The stylus profiler KLA Tencor P17 (with Durasharp 38-nm tip radius stylus) was used. All measurements were done by using 0.5 mg taping strength, scan rate was 2 μm·s−1 and the scanned line length was 20 μm.

Scanning electron microscopy

In order to check the quality and uniformity of the deposited layers silver films surfaces after deposition were investigated by means of a scanning electron microscope Zeiss Merlin with a Gemini II column. All SEM images were obtained using in-lens detector and the accelerating voltage 5 kV and working distance from the sample to detector from 1 to 4 mm. Magnifications 3000, 7000, 15000 and 50000 were used to fully analyze samples.

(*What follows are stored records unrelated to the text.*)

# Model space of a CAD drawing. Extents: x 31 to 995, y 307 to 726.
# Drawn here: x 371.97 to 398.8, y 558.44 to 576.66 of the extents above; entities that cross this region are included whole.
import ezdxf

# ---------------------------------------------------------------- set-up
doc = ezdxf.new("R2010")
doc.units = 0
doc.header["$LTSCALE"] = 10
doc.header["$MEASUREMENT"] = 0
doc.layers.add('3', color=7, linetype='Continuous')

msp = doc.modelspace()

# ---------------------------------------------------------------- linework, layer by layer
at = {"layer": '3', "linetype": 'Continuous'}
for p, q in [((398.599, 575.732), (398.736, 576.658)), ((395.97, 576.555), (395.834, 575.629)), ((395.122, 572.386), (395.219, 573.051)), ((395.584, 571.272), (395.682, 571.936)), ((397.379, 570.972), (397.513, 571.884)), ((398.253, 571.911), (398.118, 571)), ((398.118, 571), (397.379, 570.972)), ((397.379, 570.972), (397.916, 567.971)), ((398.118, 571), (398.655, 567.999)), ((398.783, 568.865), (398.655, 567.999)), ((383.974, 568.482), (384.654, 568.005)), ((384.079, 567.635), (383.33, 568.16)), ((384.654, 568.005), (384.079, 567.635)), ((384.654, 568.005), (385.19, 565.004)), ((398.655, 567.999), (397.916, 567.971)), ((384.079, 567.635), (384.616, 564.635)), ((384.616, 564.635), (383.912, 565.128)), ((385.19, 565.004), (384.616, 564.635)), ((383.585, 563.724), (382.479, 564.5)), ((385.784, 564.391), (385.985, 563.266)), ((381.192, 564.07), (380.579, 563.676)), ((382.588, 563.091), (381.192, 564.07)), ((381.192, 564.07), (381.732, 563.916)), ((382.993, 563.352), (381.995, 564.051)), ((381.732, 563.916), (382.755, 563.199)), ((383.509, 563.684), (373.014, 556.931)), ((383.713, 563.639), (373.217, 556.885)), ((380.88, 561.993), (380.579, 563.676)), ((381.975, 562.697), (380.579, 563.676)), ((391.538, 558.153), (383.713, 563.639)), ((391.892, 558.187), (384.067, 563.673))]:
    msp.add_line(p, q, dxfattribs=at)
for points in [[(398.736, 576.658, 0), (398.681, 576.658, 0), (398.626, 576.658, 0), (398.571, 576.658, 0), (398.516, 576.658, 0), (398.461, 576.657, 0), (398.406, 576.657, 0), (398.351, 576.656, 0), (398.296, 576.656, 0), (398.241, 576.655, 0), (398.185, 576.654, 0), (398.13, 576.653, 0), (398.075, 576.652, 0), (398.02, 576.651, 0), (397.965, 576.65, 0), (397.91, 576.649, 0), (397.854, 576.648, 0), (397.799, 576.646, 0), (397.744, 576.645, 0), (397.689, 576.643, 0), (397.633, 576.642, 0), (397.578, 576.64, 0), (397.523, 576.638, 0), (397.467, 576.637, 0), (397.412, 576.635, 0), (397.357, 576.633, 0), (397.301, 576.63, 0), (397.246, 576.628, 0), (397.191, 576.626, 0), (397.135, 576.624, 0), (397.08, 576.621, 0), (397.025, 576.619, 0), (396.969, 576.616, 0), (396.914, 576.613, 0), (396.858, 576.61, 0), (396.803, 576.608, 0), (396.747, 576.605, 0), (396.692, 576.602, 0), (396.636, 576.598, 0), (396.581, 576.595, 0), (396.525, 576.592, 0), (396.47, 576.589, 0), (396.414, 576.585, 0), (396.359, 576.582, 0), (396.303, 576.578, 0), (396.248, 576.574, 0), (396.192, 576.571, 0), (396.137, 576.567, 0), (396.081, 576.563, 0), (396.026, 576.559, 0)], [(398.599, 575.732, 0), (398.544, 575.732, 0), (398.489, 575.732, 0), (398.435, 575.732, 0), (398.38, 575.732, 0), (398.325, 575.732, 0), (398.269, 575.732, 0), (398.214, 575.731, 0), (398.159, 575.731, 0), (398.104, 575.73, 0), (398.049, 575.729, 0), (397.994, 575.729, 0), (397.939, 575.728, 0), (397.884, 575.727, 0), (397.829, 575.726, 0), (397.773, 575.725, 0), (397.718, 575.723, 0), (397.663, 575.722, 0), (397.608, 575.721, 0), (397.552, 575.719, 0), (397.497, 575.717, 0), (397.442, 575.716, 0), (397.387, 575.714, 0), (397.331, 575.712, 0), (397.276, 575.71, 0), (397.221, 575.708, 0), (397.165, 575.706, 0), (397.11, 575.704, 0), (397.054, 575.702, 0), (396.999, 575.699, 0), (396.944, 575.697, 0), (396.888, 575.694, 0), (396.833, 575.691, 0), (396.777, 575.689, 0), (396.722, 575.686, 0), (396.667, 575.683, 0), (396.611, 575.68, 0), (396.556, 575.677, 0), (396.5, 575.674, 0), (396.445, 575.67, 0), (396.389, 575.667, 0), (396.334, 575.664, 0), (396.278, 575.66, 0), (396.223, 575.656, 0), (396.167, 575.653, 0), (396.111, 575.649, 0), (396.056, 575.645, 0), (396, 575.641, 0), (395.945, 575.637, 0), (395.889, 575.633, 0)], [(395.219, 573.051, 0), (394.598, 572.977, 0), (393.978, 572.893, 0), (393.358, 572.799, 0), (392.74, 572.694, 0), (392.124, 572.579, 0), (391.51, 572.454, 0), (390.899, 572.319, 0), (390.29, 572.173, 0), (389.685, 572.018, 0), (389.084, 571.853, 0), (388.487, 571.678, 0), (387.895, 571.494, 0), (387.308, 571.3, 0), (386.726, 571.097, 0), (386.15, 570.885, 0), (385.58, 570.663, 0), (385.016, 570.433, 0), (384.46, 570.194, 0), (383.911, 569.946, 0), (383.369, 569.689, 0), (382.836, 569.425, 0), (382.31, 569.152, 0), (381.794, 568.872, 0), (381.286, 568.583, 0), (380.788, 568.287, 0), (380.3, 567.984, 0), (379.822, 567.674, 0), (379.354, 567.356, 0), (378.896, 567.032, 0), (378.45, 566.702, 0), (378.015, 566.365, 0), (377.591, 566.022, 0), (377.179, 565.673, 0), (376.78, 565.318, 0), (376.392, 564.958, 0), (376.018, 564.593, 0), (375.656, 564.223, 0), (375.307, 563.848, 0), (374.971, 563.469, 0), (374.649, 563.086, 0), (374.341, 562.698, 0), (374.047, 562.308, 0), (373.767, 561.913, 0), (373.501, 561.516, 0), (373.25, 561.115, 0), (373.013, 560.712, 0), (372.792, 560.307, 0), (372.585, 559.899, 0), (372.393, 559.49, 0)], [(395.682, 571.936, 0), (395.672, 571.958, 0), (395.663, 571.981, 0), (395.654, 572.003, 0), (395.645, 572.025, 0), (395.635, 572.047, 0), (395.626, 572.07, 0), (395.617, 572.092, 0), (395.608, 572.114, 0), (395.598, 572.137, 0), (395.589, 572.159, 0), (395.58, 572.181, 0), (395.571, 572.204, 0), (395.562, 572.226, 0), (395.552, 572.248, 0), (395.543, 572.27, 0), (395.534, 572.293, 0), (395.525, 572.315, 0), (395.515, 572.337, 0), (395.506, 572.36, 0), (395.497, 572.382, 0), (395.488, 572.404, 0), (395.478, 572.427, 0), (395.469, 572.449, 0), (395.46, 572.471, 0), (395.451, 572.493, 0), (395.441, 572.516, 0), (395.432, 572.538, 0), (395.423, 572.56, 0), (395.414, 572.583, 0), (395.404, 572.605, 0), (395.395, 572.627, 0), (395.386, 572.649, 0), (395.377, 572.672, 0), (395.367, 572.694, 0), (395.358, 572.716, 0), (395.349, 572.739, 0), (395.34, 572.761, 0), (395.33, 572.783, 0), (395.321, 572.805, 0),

Electron back scattered diffraction (EBSD) characterisation

The Ag films were observed and structurally characterized by field emission scanning electron microscopy (FE-SEM: Zeiss Merlin Gemini II). The crystal orientation maps of the Ag films were obtained by FE-SEM equipped with an EBSD system (NordlysNano from Oxford Instrument, Oxford Instruments Corp., UK). EBSD patterns were acquired at the following shooting modes: tilt angle – 70°, accelerating voltage – 10 keV, probe current – 1.7 nA and scan sizes 2 × 2 μm2 and 20 × 20 μm2 for SC film. EBSD has proven to be a useful tool for characterizing the crystallographic orientation aspects of microstructures at length scales ranging from dozens of nanometers to millimeters in the scanning electron microscope. Detector provides single grains detection by means of orientation measurement based on acquired Kikuchi patterns. Colored image represents grains orientation map, correlation between colors and orientations is shown on triangle diagram at the bottom left corner. We extract average grain size for our polycrystalline films using the embedded software package for an EBSD image processing AZtecHKL software package.

We extract average grain size for our polycrystalline films using the embedded software package for an EBSD image processing. The NC film was e-beam evaporated onto a liquid nitrogen cooled quartz substrate, the conditions were adjusted so that the film had an average grains size around 20 nm.

Transmission electron microscopy (TEM)

In order to check the quality and crystallinity of the nominally 35-nm deposited silver film on Si(111) its crossection made by ion milling was investigated by means of a transmission electron microscope TITAN 300. TEM image was obtained using in-lens detector and the accelerating voltage 100 kV, spot size 3.